HP V24 (24" ) FHD Monitor, 1ms response time - HP Store UK

Depending on your future plans one could say that the cost of a good quality 144 especially with Gsync etc is wasted on your setup
Of course if the monitor is a purchase for use in the foreseeable future on a new system - then that changes the situation

If you do go ahead connect the 144 DP and the 60hz HDMI

*I know there is a lot of information in my post but I have tried to cover everything to ensure you do not spend too much on the monitor and find you have wasted your money - unless as I said, it is a purhase with the future sysem you may use - in mind*


----------



## Abdul027329621 (Nov 20, 2021)

that's a lot of info 😅 Ty you so much.
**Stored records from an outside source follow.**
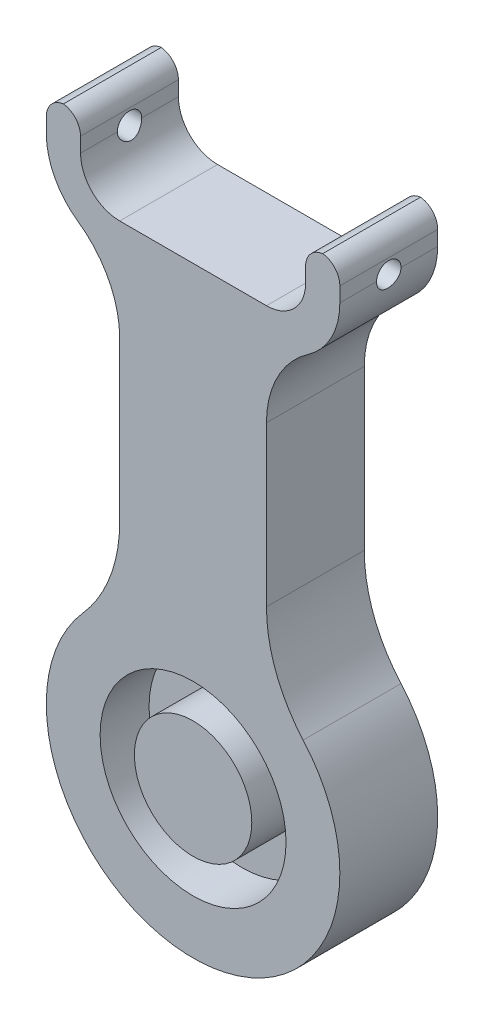
SolidWorks part; units mm, degrees
ref_plane "Front Plane" through (0, 0, 0) normal (0, 0, 1) x (1, 0, 0)
ref_plane "Top Plane" through (0, 0, 0) normal (0, 1, 0) x (1, 0, 0)
ref_plane "Right Plane" through (0, 0, 0) normal (1, 0, 0) x (0, 0, -1)
sketch "Sketch1" plane through (0, 0, 0) normal (0, 0, 1) x (1, 0, 0)
  circle A0 centre (0, 0) radius 15
  circle A1 centre (0, 0) radius 3
  dimension "D1" = 6
  dimension "D2" = 30
extrude "Boss-Extrude1" add sketch "Sketch1" along normal blind 10
sketch "Sketch2" plane through (0, 0, 0) normal (0, 0, 1) x (1, 0, 0)
  line L1 (-7.5, 12.9904) -> (7.5, 12.9904)
  line L2 (-7.5, 12.9904) -> (-7.5, 42.9904)
  line L3 (-7.5, 42.9904) -> (7.5, 42.9904)
  line L4 (7.5, 12.9904) -> (7.5, 42.9904)
  circle A0 centre (0, 0) radius 15 construction
  dimension "D1" = 15
  dimension "D2" = 30
extrude "Boss-Extrude2" add sketch "Sketch2" along normal up to surface (10 mm away) up to face at (15, 0, 10)
fillet "Fillet1" radius 15 2 edges at (-7.5, 12.9904, 5) (7.5, 12.9904, 5)
sketch "Sketch5" plane through (0, 0, 0) normal (0, 0, -1) x (-1, 0, 0)
  line L1 (-5, 3.5) -> (5, 3.5)
  line L2 (-5, 3.5) -> (-5, 1.5)
  line L3 (-5, 1.5) -> (5, 1.5)
  line L4 (5, 3.5) -> (5, 1.5)
  circle A0 centre (0, 0) radius 3 construction
  dimension "D1" = 1.5
  dimension "D2" = 2
  dimension "D3" = 10
  dimension "D4" = 5
extrude "Boss-Extrude3" add sketch "Sketch5" against normal blind 10
sketch "Sketch7" plane through (0, 0, 10) normal (0, 0, 1) x (1, 0, 0)
  circle A0 centre (0, 0) radius 3
extrude "Boss-Extrude4" add sketch "Sketch7" against normal blind 3
chamfer "Chamfer1" distance 0.7 angle 45 2 edges at (0, -3, 7) (0, 1.5, 7)
sketch "Sketch9" plane through (0, 0, 0) normal (0, 0, -1) x (-1, 0, 0)
  line L0 (-7.5, 42.9904) -> (7.5, 42.9904) construction
  line L1 (-7.5, 19.8431) -> (-7.5, 42.9904) construction
  line L3 (-15, 50.4904) -> (-15, 53.9904)
  line L4 (-15, 53.9904) -> (-11.5, 53.9904)
  line L5 (-11.5, 53.9904) -> (-11.5, 50.4904)
  line L6 (-7.5, 46.4904) -> (7.5, 46.4904)
  line L7 (0, 46.4904) -> (0, 42.9904)
  line L8 (7.5, 42.9904) -> (-7.5, 42.9904)
  line L9 (0, 62.4917) -> (0, 38.0275) construction
  line L10 (11.5, 53.9904) -> (11.5, 50.4904)
  line L11 (15, 53.9904) -> (11.5, 53.9904)
  line L12 (15, 50.4904) -> (15, 53.9904)
  arc A0 (-15, 50.4904) -> (-7.5, 42.9904) centre (-7.5, 50.4904) ccw
  arc A2 (-11.5, 50.4904) -> (-7.5, 46.4904) centre (-7.5, 50.4904) ccw
  arc A3 (11.5, 50.4904) -> (7.5, 46.4904) centre (7.5, 50.4904) cw
  arc A4 (15, 50.4904) -> (7.5, 42.9904) centre (7.5, 50.4904) cw
  line M23 (7.5, 42.9904) -> (-7.5, 42.9904)
  dimension "D1" = 3.5
  dimension "12.5" = 15
  dimension "D2" = 7.5
  dimension "D3" = 0
  dimension "D7" = 3.5
  dimension "D8" = 0
extrude "Boss-Extrude6" add sketch "Sketch9" against normal blind 10 contours A2 L5 L4 L3 A0 L7 L6 M23 | A4 L12 L11 L10 A3 L6 L7 M23 region at (14.814, 52.2404, 0) region at (-0.186, 44.7404, 0)
fillet "Fillet4" radius 2 4 edges at (11.5, 53.9904, 5) (15, 53.9904, 5) (-11.5, 53.9904, 5) (-15, 53.9904, 5)
fillet "Fillet2" radius 10 2 edges at (-7.5, 42.9904, 5) (7.5, 42.9904, 5)
sketch "Sketch10" plane through (15, 0, 0) normal (1, 0, 0) x (0, 0, -1)
  line L0 (-10, 50.4904) -> (0, 50.4904) construction
  line L1 (0, 44.3355) -> (0, 50.4904) construction
  circle A0 centre (-5, 50.4904) radius 1.25
  dimension "D3" = 2.5
  dimension "D1" = 0
  dimension "D2" = 5
extrude "Cut-Extrude1" cut sketch "Sketch10" against normal through all both and the other way through all
sketch "Sketch11" plane through (0, 0, 10) normal (0, 0, 1) x (1, 0, 0)
  circle A0 centre (0, 0) radius 9.5
  circle A1 centre (0, 0) radius 6
  dimension "D1" = 19
  dimension "D2" = 12
extrude "Cut-Extrude2" cut sketch "Sketch11" against normal blind 5
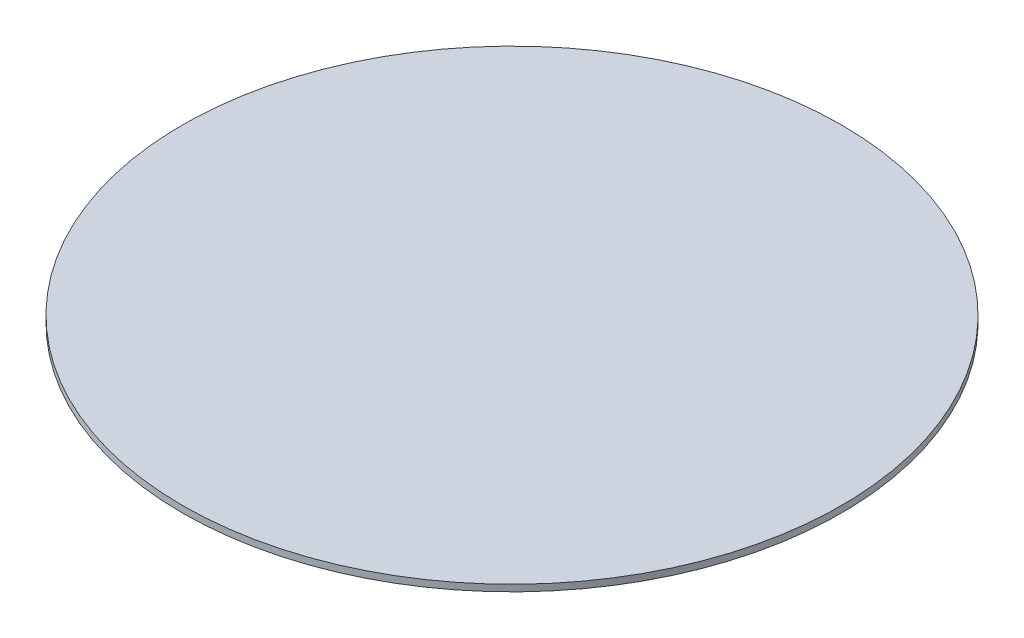
SolidWorks part; units mm, degrees
ref_plane "Front Plane" through (0, 0, 0) normal (0, 0, 1) x (1, 0, 0)
ref_plane "Top Plane" through (0, 0, 0) normal (0, 1, 0) x (1, 0, 0)
ref_plane "Right Plane" through (0, 0, 0) normal (1, 0, 0) x (0, 0, -1)
ref_axis "Axis1" through (0, -55, 0) along (0, 1, 0)
sketch "Sketch1" plane through (0, 0, 0) normal (0, 1, 0) x (1, 0, 0)
  circle A0 centre (0, 0) radius 500
extrude "Boss-Extrude1" add sketch "Sketch1" along normal blind 10 contours A0
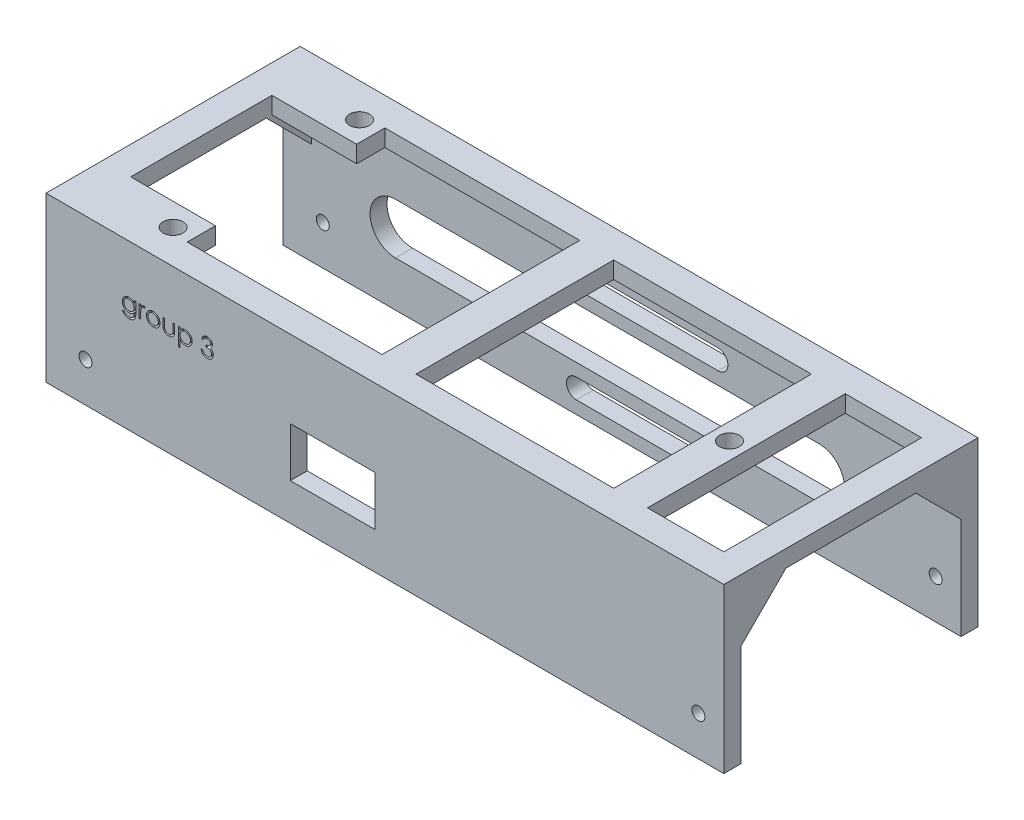
SolidWorks part; units mm, degrees
other "Markup1"
sketch "Sketch23" plane through (120, 29, 45) normal (0.0467, 0.9512, 0.3049) x (0.9885, 0, -0.1514)
ref_plane "Front Plane" through (0, 0, 0) normal (0, 0, 1) x (1, 0, 0)
ref_plane "Top Plane" through (0, 0, 0) normal (0, 1, 0) x (1, 0, 0)
ref_plane "Right Plane" through (0, 0, 0) normal (1, 0, 0) x (0, 0, -1)
sketch "Sketch1" plane through (0, 0, 0) normal (0, 0, 1) x (1, 0, 0)
  line L9 (21.172, -17.9478) -> (91.172, -17.9478)
  line L10 (21.172, -17.9478) -> (21.172, -40.3878)
  line L11 (4, -8) -> (200.227, -8) construction
  line L12 (4, -8) -> (-67.5185, -8) construction
  line L13 (21.172, -40.3878) -> (91.172, -40.3878)
  line L14 (91.172, -17.9478) -> (91.172, -40.3878)
  line L15 (0, 0) -> (120, 0)
  line L16 (0, 0) -> (0, 29)
  line L17 (0, 29) -> (120, 29)
  line L18 (120, 0) -> (120, 29)
  circle A0 centre (4, 7) radius 1.15
  circle A1 centre (4, 7) radius 15 construction
  circle A3 centre (77.172, -29.1678) radius 3.6067
  circle A4 centre (116, 7) radius 15 construction
  circle A5 centre (116, 7) radius 1.15
  point P19 (21.172, -29.1678)
  dimension "D4" = 30
  dimension "D2" = 14
  dimension "D7" = 30
  dimension "D11" = 4
  dimension "D13" = 2.3
  dimension "D14" = 2.3
  dimension "D3" = 70
  dimension "D5" = 22.44
  dimension "D6" = 120
  dimension "D8" = 29
  dimension "D9" = 4
  dimension "D10" = 7
  dimension "D12" = 7
extrude "Boss-Extrude5" add sketch "Sketch1" along normal blind 45 contours L16 L15 L18 L17
shell "Shell9" thickness 3 removed face at (120, 14.5, 22.5) removed face at (60, 0, 22.5) removed face at (0, 14.5, 22.5)
sketch "Sketch3" plane through (0, 0, 0) normal (0, 0, -1) x (-1, 0, 0)
  line L0 (0, 0) -> (-120, 0) construction
  line L1 (-120, 0) -> (-120, 29) construction
  line L2 (0, 0) -> (0, 29) construction
  circle A0 centre (-7, 7) radius 1.15
  circle A1 centre (-115.5, 7) radius 1.15
  dimension "D1" = 2.3
  dimension "D2" = 2.3
  dimension "D3" = 7
  dimension "D4" = 4.5
  dimension "D5" = 7
  dimension "D6" = 7
extrude "Cut-Extrude2" cut sketch "Sketch3" against normal blind 79
sketch "Sketch6" plane through (0, 0, 0) normal (0, 0, -1) x (-1, 0, 0)
  line L0 (-76.9735, 21) -> (-51.8835, 21) construction
  line L1 (-76.9735, 22.75) -> (-51.8835, 22.75)
  line L2 (-76.9735, 19.25) -> (-51.8835, 19.25)
  line L7 (41.5249, -18.7743) -> (41.5249, -41.2143) construction
  line L8 (-94.8735, 12.5) -> (-19.8735, 12.5) construction
  line L9 (-94.8735, 17) -> (-19.8735, 17)
  line L10 (-94.8735, 8) -> (-19.8735, 8)
  line L11 (-19.8735, 12.5) -> (-17.326, 12.5) construction
  line L12 (-76.9735, 4) -> (-51.8835, 4) construction
  line L13 (-76.9735, 2.25) -> (-51.8835, 2.25)
  line L14 (-76.9735, 5.75) -> (-51.8835, 5.75)
  line L15 (4.7849, -29.9943) -> (74.7849, -29.9943) construction
  line L20 (4.7849, -18.7743) -> (74.7849, -18.7743)
  line L21 (4.7849, -18.7743) -> (4.7849, -41.2143)
  line L22 (4.7849, -41.2143) -> (74.7849, -41.2143)
  line L23 (74.7849, -18.7743) -> (74.7849, -41.2143)
  line L24 (-120, 0) -> (-120, 29) construction
  line L25 (63.3749, -18.7743) -> (63.3749, -41.2143) construction
  line L26 (0, 29) -> (-120, 29) construction
  arc A4 (-94.8735, 17) -> (-94.8735, 8) centre (-94.8735, 12.5) ccw
  arc A5 (-76.9735, 22.75) -> (-76.9735, 19.25) centre (-76.9735, 21) ccw
  arc A6 (-51.8835, 19.25) -> (-51.8835, 22.75) centre (-51.8835, 21) ccw
  arc A7 (-19.8735, 8) -> (-19.8735, 17) centre (-19.8735, 12.5) ccw
  arc A8 (-76.9735, 2.25) -> (-76.9735, 5.75) centre (-76.9735, 4) cw
  arc A9 (-51.8835, 5.75) -> (-51.8835, 2.25) centre (-51.8835, 4) cw
  circle A15 centre (16.1349, -29.9943) radius 1.5
  circle A16 centre (36.3249, -21.4943) radius 1.5
  circle A17 centre (36.3249, -38.4943) radius 1.5
  circle A18 centre (36.3249, -38.4943) radius 1.5
  circle A19 centre (27.0349, -29.9943) radius 2.3201
  point P11 (-64.4285, 21)
  point P19 (-57.3735, 12.5)
  point P31 (-64.4285, 4)
  dimension "D8" = 1.75
  dimension "D13" = 4.5
  dimension "D10" = 3
  dimension "D14" = 3
  dimension "D9" = 25.09
  dimension "D2" = 8.5
  dimension "D3" = 17.9
  dimension "D4" = 70
  dimension "D5" = 22.44
  dimension "D6" = 36.74
  dimension "D7" = 11.35
  dimension "D11" = 5.2
  dimension "D12" = 8.5
  dimension "D15" = 22.25
  dimension "D16" = 75
  dimension "D17" = 25.1265
  dimension "D18" = 11.41
  dimension "D19" = 16.5
extrude "Cut-Extrude8" cut sketch "Sketch6" against normal blind 23 contours L10 A7 L9 | L2 A6 L1 A5 | L13 A9 L14 A8 region at (64.4285, 21, 0) region at (57.3735, 12.5, 0)
sketch "Sketch7" plane through (0, 0, 45) normal (0, 0, 1) x (1, 0, 0)
  line L1 (43.2462, 15.2962) -> (58.2462, 15.2962)
  line L2 (43.2462, 15.2962) -> (43.2462, 6.5462)
  line L3 (43.2462, 6.5462) -> (58.2462, 6.5462)
  line L4 (58.2462, 15.2962) -> (58.2462, 6.5462)
  line L5 (0, 0) -> (120, 0) construction
  line L7 (0, 0) -> (0, 29) construction
  dimension "D1" = 43.2462
  dimension "D2" = 15
  dimension "D3" = 8.75
  dimension "D4" = 15.2962
extrude "Cut-Extrude9" cut sketch "Sketch7" against normal blind 20
sketch "Sketch13" plane through (0, 29, 0) normal (0, 1, 0) x (1, 0, 0)
  line L1 (0, 0) -> (120, 0) construction
  line L4 (5, -5) -> (115, -5)
  line L5 (5, -5) -> (5, -40)
  line L6 (5, -40) -> (115, -40)
  line L8 (0, -45) -> (0, 0) construction
  line L16 (115, -5) -> (115, -40)
  line L17 (120, -45) -> (120, 0) construction
  point P0 (128.3255, -21.347)
  dimension "D1" = 5
  dimension "D2" = 5
  dimension "D5" = 5
  dimension "D6" = 35
extrude "Cut-Extrude14" cut sketch "Sketch13" against normal blind 10
sketch "Sketch17" plane through (0, 29, 0) normal (0, 1, 0) x (1, 0, 0)
  line L0 (0, -22.5) -> (120, -22.5) construction
  line L1 (5, -5) -> (20, -5)
  line L2 (5, -5) -> (5, -10)
  line L3 (5, -10) -> (20, -10)
  line L4 (20, -5) -> (20, -10)
  line L5 (5, -40) -> (20, -40)
  line L6 (5, -40) -> (5, -35)
  line L7 (5, -35) -> (20, -35)
  line L8 (20, -40) -> (20, -35)
  line L17 (0, -45) -> (0, 0) construction
  line L18 (120, -45) -> (120, 0) construction
  line L25 (115, -5) -> (5, -5) construction
  line L26 (95.5, -5) -> (101.5, -5)
  line L27 (95.5, -5) -> (95.5, -40)
  line L28 (95.5, -40) -> (101.5, -40)
  line L29 (101.5, -5) -> (101.5, -40)
  line L30 (5, -40) -> (115, -40) construction
  line L32 (54.5, -5) -> (60.5, -5)
  line L33 (54.5, -5) -> (54.5, -40)
  line L34 (54.5, -40) -> (60.5, -40)
  line L35 (60.5, -5) -> (60.5, -40)
  circle A0 centre (16.5, -39) radius 1.75
  circle A1 centre (16.5, -6) radius 1.75
  circle A2 centre (98.5, -22.5) radius 1.75
  point P36 (0, 0)
  point P37 (98.0553, -22.5)
  point P38 (0, 0)
  point P39 (0, 0)
  point P40 (97.2763, -22.5)
  point P41 (98.5, -5)
  line M10 (5, -40) -> (5, -5)
  line M11 (5, -5) -> (115, -5)
  line M13 (115, -40) -> (5, -40)
  dimension "D3" = 3.5
  dimension "D6" = 3.5
  dimension "D11" = 33
  dimension "D12" = 16.5
  dimension "D13" = 3.5
  dimension "D1" = 5
  dimension "D2" = 15
  dimension "D4" = 5
  dimension "D5" = 15
  dimension "D7" = 6
  dimension "D8" = 18.5
  dimension "D9" = 6
  dimension "D10" = 35
extrude "Boss-Extrude6" add sketch "Sketch17" against normal blind 3 contours A1 L3 L4 M11 M10 | L1 A1 | A0 L8 L7 M13 M10 | L5 A0 | L33 L32 L35 L34 | L27 L26 L29 L28 region at (12.0151, 29, 7.6523) region at (16.5, 29, 6.2435) region at (12.0151, 29, 37.3477) region at (16.5, 29, 38.7565)
extrude "Cut-Extrude16" cut sketch "Sketch17<4>" against normal blind 10 contours A2 L0 | L0 A2 | L1 A1 | L1 A1 | L5 A0 | L5 A0 | A2 region at (98.5, 29, 21.7573) region at (98.5, 29, 23.2427) region at (16.5, 29, 4.6937) region at (16.5, 29, 6.2435) region at (16.5, 29, 38.7565) region at (16.5, 29, 40.3063)
sketch "Sketch17<4>" plane through (0, 29, 0) normal (0, 1, 0) x (1, 0, 0) same geometry as "Sketch17"
sketch "Sketch20" plane through (0, 0, 45) normal (0, 0, 1) x (1, 0, 0)
  line L0 (13.2558, 18.0126) -> (38.9246, 18.0126) construction
  text T0 "group 3"
extrude "Cut-Extrude15" cut sketch "Sketch20" against normal blind 1.5
sketch "Sketch21" plane through (0, 0, 0) normal (-1, 0, 0) x (0, 0, 1)
  line L0 (3, 26) -> (3, 18)
  line L1 (3, 0) -> (3, 26) construction
  line L2 (3, 18) -> (11, 26)
  line L3 (42, 26) -> (3, 26) construction
  line L4 (11, 26) -> (3, 26)
  line L5 (42, 26) -> (34, 26)
  line L6 (34, 26) -> (42, 18)
  line L7 (42, 0) -> (42, 26) construction
  line L8 (42, 18) -> (42, 26)
  dimension "D1" = 8
  dimension "D2" = 8
  dimension "D3" = 8
  dimension "D4" = 8
extrude "Boss-Extrude7" add sketch "Sketch21" against normal blind 5
sketch "Sketch22" plane through (120, 0, 0) normal (1, 0, 0) x (0, 0, -1)
  line L0 (-42, 26) -> (-42, 18)
  line L1 (-42, 18) -> (-34, 26)
  line L2 (-34, 26) -> (-42, 26)
  line L3 (-11, 26) -> (-3, 26)
  line L4 (-3, 26) -> (-3, 18)
  line L5 (-3, 18) -> (-11, 26)
extrude "Boss-Extrude8" add sketch "Sketch22" against normal blind 5
equation "\"slot­_width\"=25.09"
equation "\"D9@Sketch6\"=\"slot­_width\""
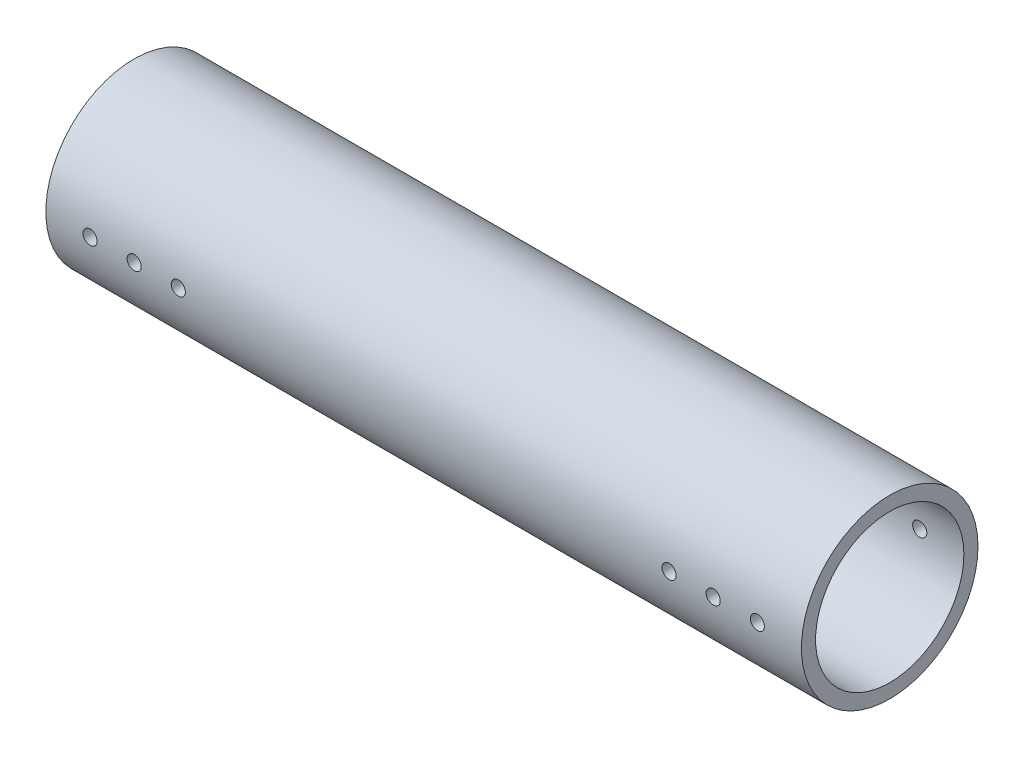
SolidWorks part; units mm, degrees
material "Zoltek Panex 33"
ref_plane "Спереди" through (0, 0, 0) normal (0, 0, 1) x (1, 0, 0)
ref_plane "Сверху" through (0, 0, 0) normal (0, 1, 0) x (1, 0, 0)
ref_plane "Справа" through (0, 0, 0) normal (1, 0, 0) x (0, 0, -1)
other "Configuration Table"
sketch "Эскиз2" plane through (0, 0, 0) normal (1, 0, 0) x (0, 0, -1)
  circle A0 centre (0, 0) radius 25
  circle A1 centre (0, 0) radius 21
  dimension "D1" = 50
  dimension "D2" = 42
extrude "Бобышка-Вытянуть2" add sketch "Эскиз2" along normal blind 214
ref_plane "Плоскость1" through (0, 0, 25) normal (0, 0, 1) x (1, 0, 0)
sketch "Эскиз4" plane through (0, 0, 25) normal (0, 0, 1) x (1, 0, 0)
  line L0 (0, -25) -> (214, -25) construction
  line L1 (214, -25) -> (214, 25) construction
  circle A0 centre (12.5, 0) radius 2
  circle A1 centre (201.5, 0) radius 2
  circle A2 centre (25, 0) radius 2
  circle A3 centre (37.5, 0) radius 2
  circle A4 centre (189, 0) radius 2
  circle A5 centre (176.5, 0) radius 2
  dimension "D1" = 4
  dimension "D4" = 4
  dimension "D6" = 4
  dimension "D8" = 4
  dimension "D10" = 4
  dimension "D11" = 4
  dimension "D2" = 12.5
  dimension "D3" = 25
  dimension "D5" = 12.5
  dimension "D7" = 12.5
  dimension "D9" = 12.5
  dimension "15" = 12.5
  dimension "D12" = 12.5
extrude "Вырез-Вытянуть2" cut sketch "Эскиз4" against normal through all and the other way blind 10 contours A0 | A1 | A2 | A3 | A5 | A4
equation "\"Diameter\"= 50мм"
equation "\"D1@Эскиз2\"= \"Diameter\""
equation "\"Length\"= 214мм"
equation "\"Thickness\"= 4мм"
equation "\"D1@Бобышка-Вытянуть2\"= \"Length\""
equation "\"D2@Эскиз2\" = \"Diameter\" - \"Thickness\" * 2"
equation "\"D4@Эскиз4\"=\"D1@Эскиз4\""
equation "\"D5@Эскиз4\"=\"D2@Эскиз4\""
equation "\"D3@Эскиз4\"=\"Diameter\"/2"
equation "\"D6@Эскиз4\"=\"D1@Эскиз4\""
equation "\"D8@Эскиз4\"=\"D6@Эскиз4\""
equation "\"D10@Эскиз4\"=\"D4@Эскиз4\""
equation "\"D11@Эскиз4\"=\"D4@Эскиз4\""
equation "\"D9@Эскиз4\"=\"D7@Эскиз4\""

Can you plz help my find a good and cheap craphi*c card. Any thing that's under 300$ I can get…*


----------



## Macboatmaster (Jan 15, 2010)

I casnnot understand - your reply to my post 17
You asked


Abdul027329621 said:


> I have a question, *I have a GTX 970 4GB* and i7 as a cpu and 15gb ram, and I wonder* if I can have two screens? The One I have now (60hz) and I'm ganna buy a new one (144 hz)*


and I provided an extensive explanation.

If you HAVE the GTX970 - why have you suddenly changed your question to


Abdul027329621 said:


> Can you plz help my find a good and cheap craphi*c card.*


Good luck with it, I do not think I can assist you further.


----------